Temptation would be to turn these ascents into Armstrong’s potential crucifixes, sacrificing his social life in the name of the better of mankind, but they feel more like iron maidens: brutal, unforgiving, and perhaps unworthy of any metaphorical weight. While, say, Gravity weaponized every formal conceit in the book (and invented many more) for an all-enveloping abyss meant to elevate, iconographically, the daring of a sole woman to conquer the abyss, First Man’s visuals signal a different kind of blinkered perceptual limitation, not one rooted in the essential and infinite non-conquerability of space but in the limits of humankind to do so. And, honestly, the moral worth of doing so in the first place.
There are flaws in First Man, although most are collateral damage wrought by conscious decisions rather than mistakes rooted in failures of spirit. Perhaps by necessity, and certainly by intent, every other character in the film, from Buzz Aldrin (Corey Stoll) to boss-man Deke Slayton (Kyle Chandler) to best-friend Ed White (Jason Clarke) is an absent canvas of sorts, a blip in the background for Armstrong. But this too has its benefits. If the film’s perspective is (mostly) allayed with those men who fly rather than those (say, the Vietnam protestors briefly intimated) who are occluded in this gaze, even here the film’s portrayal of Armstrong – as distracted subject – reads not necessarily as endorsement but also disavowal, or at least hard-earned skepticism. The vacuity of the film’s otherwise arbitrary and pro forma references to the social protests of the movement refract backwards onto Armstrong and a mid-century America that was often too content to move forward, upward, and outward (into space, or other forms of modernity) rather than dare look to the margins of society.

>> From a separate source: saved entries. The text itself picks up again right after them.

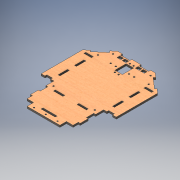
# Autodesk Inventor part: base
Saved by Autodesk Inventor 2019 (Build 230136000, 136)
## iProperties
Created: 2020-12-06
Part Number: base
Material: Дерево (береза)
Document SubType Name: Modeling
Designer: Professional
Density: 0.55 g/cm^3
Appearance: Береза — натуральный — полированный
Author: Professional
Autodesk Inventor part; units mm, degrees
ref_plane "YZ Plane" through (0, 0, 0) normal (1, 0, 0) x (0, 1, 0)
ref_plane "XZ Plane" through (0, 0, 0) normal (0, 1, 0) x (-1, 0, 0)
ref_plane "XY Plane" through (0, 0, 0) normal (0, 0, 1) x (1, 0, 0)
sketch "Эскиз1" plane through (0, 0, 0) normal (0, 1, 0) x (-1, 0, 0)
  line L0 (40, -188.2) -> (80, -153.2) construction
  line L1 (80, -153.2) -> (80, -65.2) construction
  line L2 (0, -188.2) -> (0, 0)
  line L3 (80, -65.2) -> (53, -65.2) construction
  line L4 (53, -65.2) -> (53, 0) construction
  line L5 (40, -188.2) -> (0, -188.2) construction
  line L6 (53, 0) -> (0, 0) construction
  line L7 (49, -15.2) -> (53, -15.2)
  line L8 (53, -15.2) -> (53, -32.2)
  line L9 (53, -32.2) -> (49, -32.2)
  line L10 (49, -32.2) -> (49, -48.2)
  line L11 (49, -48.2) -> (53, -48.2)
  line L12 (60, -65.2) -> (60, -69.2)
  line L13 (60, -69.2) -> (72, -69.2)
  line L14 (72, -69.2) -> (72, -65.2)
  line L15 (72, -65.2) -> (80, -65.2)
  line L16 (80, -65.2) -> (80, -153.2)
  line L17 (80, -153.2) -> (70.9691, -161.1021)
  line L18 (70.9691, -161.1021) -> (68.3351, -158.0917)
  line L19 (46.3969, -177.2876) -> (49.0309, -180.2979)
  line L20 (49.0309, -180.2979) -> (40, -188.2)
  line L21 (40, -188.2) -> (30, -188.2)
  line L22 (30, -188.2) -> (30, -184.2)
  line L23 (30, -184.2) -> (10, -184.2)
  line L24 (10, -184.2) -> (10, -188.2)
  line L25 (-40, -188.2) -> (-80, -153.2) construction
  line L26 (-80, -153.2) -> (-80, -65.2) construction
  line L27 (-80, -65.2) -> (-53, -65.2) construction
  line L28 (-53, -65.2) -> (-53, 0) construction
  line L29 (-40, -188.2) -> (0, -188.2) construction
  line L30 (-53, 0) -> (0, 0) construction
  line L31 (-49, -15.2) -> (-53, -15.2)
  line L32 (-53, -15.2) -> (-53, -32.2)
  line L33 (-53, -32.2) -> (-49, -32.2)
  line L34 (-49, -32.2) -> (-49, -48.2)
  line L35 (-49, -48.2) -> (-53, -48.2)
  line L36 (-60, -65.2) -> (-60, -69.2)
  line L37 (-60, -69.2) -> (-72, -69.2)
  line L38 (-72, -69.2) -> (-72, -65.2)
  line L39 (-72, -65.2) -> (-80, -65.2)
  line L40 (-80, -65.2) -> (-80, -153.2)
  line L41 (-40, -188.2) -> (-30, -188.2)
  line L42 (-30, -188.2) -> (-30, -184.2)
  line L43 (-30, -184.2) -> (-10, -184.2)
  line L44 (-10, -184.2) -> (-10, -188.2)
  line L45 (-10, -188.2) -> (10, -188.2)
  line L46 (68.3351, -158.0917) -> (46.3969, -177.2876)
  line L47 (-80, -153.2) -> (-70.9691, -161.1021)
  line L48 (-70.9691, -161.1021) -> (-68.3351, -158.0917)
  line L49 (-46.3969, -177.2876) -> (-49.0309, -180.2979)
  line L50 (-49.0309, -180.2979) -> (-40, -188.2)
  line L51 (-68.3351, -158.0917) -> (-46.3969, -177.2876)
  line L52 (60, -81.2) -> (56, -81.2)
  line L53 (56, -81.2) -> (56, -101.2)
  line L54 (56, -101.2) -> (60, -101.2)
  line L55 (60, -101.2) -> (60, -81.2)
  line L56 (60, -116.2) -> (56, -116.2)
  line L57 (56, -116.2) -> (56, -136.2)
  line L58 (56, -136.2) -> (60, -136.2)
  line L59 (60, -136.2) -> (60, -116.2)
  line L60 (72, -148.2) -> (56, -148.2)
  line L61 (56, -148.2) -> (56, -152.2)
  line L62 (56, -152.2) -> (72, -152.2)
  line L63 (72, -152.2) -> (72, -148.2)
  line L64 (-60, -81.2) -> (-56, -81.2)
  line L65 (-56, -81.2) -> (-56, -101.2)
  line L66 (-56, -101.2) -> (-60, -101.2)
  line L67 (-60, -101.2) -> (-60, -81.2)
  line L68 (-60, -116.2) -> (-56, -116.2)
  line L69 (-56, -116.2) -> (-56, -136.2)
  line L70 (-56, -136.2) -> (-60, -136.2)
  line L71 (-60, -136.2) -> (-60, -116.2)
  line L72 (-72, -148.2) -> (-56, -148.2)
  line L73 (-56, -148.2) -> (-56, -152.2)
  line L74 (-56, -152.2) -> (-72, -152.2)
  line L75 (-72, -152.2) -> (-72, -148.2)
  line L76 (40, -188.2) -> (40, -184.2) construction
  line L77 (40, -184.2) -> (30, -184.2) construction
  line L78 (53, -48.2) -> (53, -65.2)
  line L79 (60, -65.2) -> (53, -65.2)
  line L80 (-53, -48.2) -> (-53, -65.2)
  line L81 (-60, -65.2) -> (-53, -65.2)
  line L82 (49, -15.2) -> (49, -4)
  line L83 (49, -4) -> (35, -4)
  line L84 (35, -4) -> (35, 0)
  line L85 (35, 0) -> (15, 0)
  line L86 (15, 0) -> (15, -4)
  line L87 (15, -4) -> (0, -4)
  line L88 (-49, -4) -> (-35, -4)
  line L89 (-35, -4) -> (-35, 0)
  line L90 (-35, 0) -> (-15, 0)
  line L91 (-15, 0) -> (-15, -4)
  line L92 (-15, -4) -> (0, -4)
  line L93 (-49, -4) -> (-49, -15.2)
  line L94 (35, -46.4) -> (15, -46.4)
  line L95 (15, -46.4) -> (15, -50.4)
  line L96 (15, -50.4) -> (35, -50.4)
  line L97 (35, -50.4) -> (35, -46.4)
  line L98 (-15, -46.4) -> (-35, -46.4)
  line L99 (-35, -46.4) -> (-35, -50.4)
  line L100 (-35, -50.4) -> (-15, -50.4)
  line L101 (-15, -50.4) -> (-15, -46.4)
  line L102 (8, -150.2) -> (-8, -150.2)
  line L103 (-8, -150.2) -> (-8, -174.2)
  line L104 (-8, -174.2) -> (8, -174.2)
  line L105 (8, -174.2) -> (8, -150.2)
  line L106 (8, -150.2) -> (-8, -174.2) construction
  line L107 (-8, -150.2) -> (8, -174.2) construction
  point P0 (0, -162.2)
  dimension "d1" = 160
  dimension "d2" = 106
  dimension "d3" = 65.2
  dimension "d5" = 80
  dimension "d6" = 88
  dimension "d7" = 27
  dimension "d14" = 4
  dimension "d15" = 15.2
  dimension "d16" = 16
  dimension "d19" = 17
  dimension "d20" = 12
  dimension "d21" = 8
  dimension "d25" = 12
  dimension "d26" = 12
  dimension "d29" = 20
  dimension "d32" = 10
  dimension "d35" = 20
  dimension "d37" = 29.1507
  dimension "d38" = 20
  dimension "d39" = 20
  dimension "d40" = 15
  dimension "d41" = 12
  dimension "d42" = 16
  dimension "d44" = 12
  dimension "d45" = 8
  dimension "d46" = 1
  dimension "d47" = 17
  dimension "d48" = 35
  dimension "d50" = 20
  dimension "d51" = 30
  dimension "d52" = 14
  dimension "d53" = 20
  dimension "d54" = 30
  dimension "d55" = 46.4
  dimension "d56" = 24
  dimension "d57" = 16
  dimension "d58" = 10
  constraints: 217 end point, 41 symmetric about line, 27 point on line, 20 perpendicular, 13 parallel, 12 equal length, 11 horizontal, 8 vertical, 5 collinear, 2 midpoint, 1 vertical alignment, 2 other
  measures "d1" diameter of L1 L2
  measures "d2" diameter of L4 L2
  measures "d3" distance between parallel lines of L3 L6
  measures "d5" diameter of L0.start L2
  measures "d6" distance of L0.end L1.end
  measures "d7" distance between parallel lines of L1 L4
  measures "d14" distance of L10.end L11.end
  measures "d15" distance between parallel lines of L6 L7
  measures "d16" distance between parallel lines of L11 L9
  measures "d19" distance between parallel lines of L7 L9
  measures "d20" distance between parallel lines of L14 L12
  measures "d21" distance between parallel lines of L1 L14
  measures "d25" distance from line of L18 L0.end
  measures "d26" distance from line of L19 L0.start
  measures "d29" distance between parallel lines of L22 L24
  measures "d32" distance from line of L0.start L22
  measures "d35" distance between parallel lines of L44 L24
  measures "d37" distance between parallel lines of L19 L18
  measures "d38" distance of L58.end L56.start
  measures "d39" distance between parallel lines of L1 L55
  measures "d40" distance between parallel lines of L54 L56
  measures "d41" distance between parallel lines of L13 L52
  measures "d42" distance of L60.start L60.end
  measures "d44" distance between parallel lines of L58 L60
  measures "d45" distance between parallel lines of L1 L63
  measures "d46" distance from line of L0.end L62
  measures "d47" distance between parallel lines of L11 L3
  measures "d48" distance from line of L21 L0.end
  measures "d50" distance between parallel lines of L86 L84
  measures "d51" diameter of L86 L2
  measures "d52" distance between parallel lines of L82 L84
  measures "d53" distance of L95.end L96.end
  measures "d54" distance between parallel lines of L101 L95
  measures "d55" distance between parallel lines of L94 L85
  measures "d56" distance between parallel lines of L102 L104
  measures "d57" distance between parallel lines of L103 L105
  measures "d58" distance between parallel lines of L23 L104
extrude "Выдавливание1" add sketch "Эскиз1" along normal blind 4 contours L45 L44 L43 L42 L41 L50 L49 L51 L48 L47 L40 L39 L38 L37 L36 L81 L80 L35 L34 L33 L32 L31 L93 L88 L89 L90 L91 L92 L2 L102 L103 L104 | L2 L104 L105 L102 L87 L86 L85 L84 L83 L82 L7 L8 L9 L10 L11 L78 L79 L12 L13 L14 L15 L16 L17 L18 L46 L19 L20 L21 L22 L23 L24 L45
sketch "Эскиз3" plane through (0, 4, 0) normal (0, 1, 0) x (1, 0, 0)
  line L0 (-8, 150.2) -> (-8, 174.2) projected
  line L1 (-8, 162.2) -> (8, 162.2)
  line L2 (8, 174.2) -> (8, 150.2) projected
  line L3 (-8, 174.2) -> (8, 174.2) projected
  line L4 (0, 174.2) -> (0, 158.8523)
  line L5 (-49, 48.2) -> (-49, 32.2) projected
  line L6 (-35, 50.4) -> (-15, 50.4) projected
  line L7 (-30, 188.2) -> (-40, 188.2) projected
  line L8 (-80, 153.2) -> (-80, 65.2) projected
  point P0 (0, 0)
  point P1 (-4, 146.2)
  point P2 (4, 146.2)
  point P3 (-4, 178.2)
  point P4 (4, 178.2)
  point P5 (44, 55.4)
  point P6 (-44, 55.4)
  point P7 (40, 178.2)
  point P8 (54, 160.2)
  point P9 (-40, 178.2)
  point P10 (-54, 160.2)
  dimension "d66" = 8
  dimension "d67" = 32
  dimension "d83" = 5
  dimension "d84" = 5
  dimension "d85" = 10
  dimension "d86" = 28
  dimension "d87" = 26
  dimension "d88" = 40
  constraints: 6 symmetric about line, 4 end point, 3 midpoint, 1 horizontal alignment, 1 vertical
  measures "d66" distance of point (-4, 178.2) point (4, 178.2)
  measures "d67" distance of point (4, 146.2) point (4, 178.2)
  measures "d83" distance from line of L5 point (-44, 55.4)
  measures "d84" distance from line of point (-44, 55.4) L6
  measures "d85" distance from line of L7 point (-40, 178.2)
  measures "d86" distance from line of L7 point (-54, 160.2)
  measures "d87" distance from line of L8 point (-54, 160.2)
  measures "d88" distance from line of L8 point (-40, 178.2)
hole "Отверстие1" at (-4, 4, -146.2) at (4, 4, -146.2) at (-4, 4, -178.2) at (4, 4, -178.2) at (44, 4, -55.4) at (-44, 4, -55.4) at (40, 4, -178.2) at (54, 4, -160.2) at (-40, 4, -178.2) at (-54, 4, -160.2) direction (0, -1, 0) diameter 3 end through all
sketch "Эскиз4" plane through (0, 4, 0) normal (0, 1, 0) x (1, 0, 0)
  line L0 (-10, 175.7) -> (-18, 175.7)
  line L1 (-18, 175.7) -> (-18, 181.7)
  line L2 (-18, 181.7) -> (-10, 181.7)
  line L3 (-10, 181.7) -> (-10, 175.7)
  line L4 (-8, 150.2) -> (-8, 174.2) projected
  line L5 (-10, 184.2) -> (-30, 184.2) projected
  circle A0 centre (-14, 158.2) radius 1.5
  line L6 (-21, 175.7) -> (-29, 175.7)
  line L7 (-29, 175.7) -> (-29, 181.7)
  line L8 (-29, 181.7) -> (-21, 181.7)
  line L9 (-21, 181.7) -> (-21, 175.7)
  circle A1 centre (-25, 158.2) radius 1.5
  line L10 (-8, 150.2) -> (8, 150.2) projected
  line L11 (0, 150.2) -> (0, 174.2)
  line L12 (-8, 174.2) -> (8, 174.2) projected
  line L13 (10, 175.7) -> (18, 175.7)
  line L14 (18, 175.7) -> (18, 181.7)
  line L15 (18, 181.7) -> (10, 181.7)
  line L16 (10, 181.7) -> (10, 175.7)
  circle A2 centre (14, 158.2) radius 1.5
  line L17 (21, 175.7) -> (29, 175.7)
  line L18 (29, 175.7) -> (29, 181.7)
  line L19 (29, 181.7) -> (21, 181.7)
  line L20 (21, 181.7) -> (21, 175.7)
  circle A3 centre (25, 158.2) radius 1.5
  point P0 (0, 0)
  point P1 (-14, 175.7)
  point P2 (-25, 175.7)
  point P3 (14, 175.7)
  point P4 (25, 175.7)
  dimension "d68" = 8
  dimension "d69" = 6
  dimension "d70" = 2
  dimension "d71" = 2.5
  dimension "d72" = 3
  dimension "d73" = 17.5
  dimension "d76" = 11
  constraints: 34 end point, 12 symmetric about line, 4 centre point, 3 midpoint, 2 horizontal, 2 parallel, 1 perpendicular, 1 vertical alignment, 13 other
  measures "d68" distance between parallel lines of L3 L1
  measures "d69" distance between parallel lines of L2 L0
  measures "d70" distance between parallel lines of L3 L4
  measures "d71" distance between parallel lines of L5 L2
  measures "d72" diameter of A0
  measures "d73" distance from line of L0 A0.centre
  measures "d76" distance of L0.start L6.start
extrude "Выдавливание2" cut sketch "Эскиз4" against normal through all contours L0 L1 L2 L3 | A0 | L6 L7 L8 L9 | A1 | L16 L15 L14 L13 | A2 | L20 L19 L18 L17 | A3
sketch "Эскиз5" plane through (0, 4, 0) normal (0, 1, 0) x (1, 0, 0)
  line L0 (-35, 4) -> (-35, 0) projected
  line L1 (-35, 0) -> (35, 0)
  line L2 (35, 0) -> (35, -10)
  line L3 (35, -10) -> (-35, -10)
  line L4 (-35, -10) -> (-35, 0)
  point P0 (0, 0)
  dimension "d89" = 10
  constraints: 8 end point, 2 parallel, 1 coincident, 1 horizontal, 1 perpendicular
  measures "d89" distance between parallel lines of L1 L3
extrude "Выдавливание3" add sketch "Эскиз5" against normal blind 4
sketch "Эскиз6" plane through (0, 4, 0) normal (0, 1, 0) x (1, 0, 0)
  line L0 (35, -10) -> (-35, -10) projected
  line L1 (0, -10) -> (0, 188.2)
  line L2 (10, 188.2) -> (-10, 188.2) projected
  point P0 (0, 0)
  point P1 (-25, -5)
  point P2 (25, -5)
  point P3 (0, -5)
  dimension "d99" = 5
  dimension "d100" = 50
  constraints: 2 end point, 2 horizontal alignment, 2 midpoint, 1 point on line, 1 symmetric about line
  measures "d99" distance from line of L0 point (25, -5)
  measures "d100" distance of point (25, -5) point (-25, -5)
hole "Отверстие2" at (-25, 4, 5) at (25, 4, 5) at (0, 4, 5) direction (0, -1, 0) diameter 2.8 end through all

First Man will never go toe to toe with, say, Sun Ra’s Space is the Place, an Afro-futurist masterpiece from 1973 that contests the American fantasy of space travel writ-large and braves truly alternative perspectives on futurity. It asks questions about what truly escaping society’s stratosphere might mean if escape is understood as contesting the limits of that society through social criticism and political action. But after the disastrously (or at least uneasily) dismissive judgement toward the African-American jazzmen in La La Land (Gosling’s protagonist contrapuntally dignified as the “real” soul of jazz, as it were), Chazelle’s new film at least motions toward the lapses in its vision of American men and American machines on a distinctly contorted journey toward indefinite ends. Although Chazelle obviously empathizes with Armstrong’s unshatterable conviction, it’s played less as a monolithic and mythologizing high for the film to feed on than a conundrum to examine, the film refusing to restage any mythopoetic or fetishistic triumph of the will when impressively Armstrong breaks a new barrier.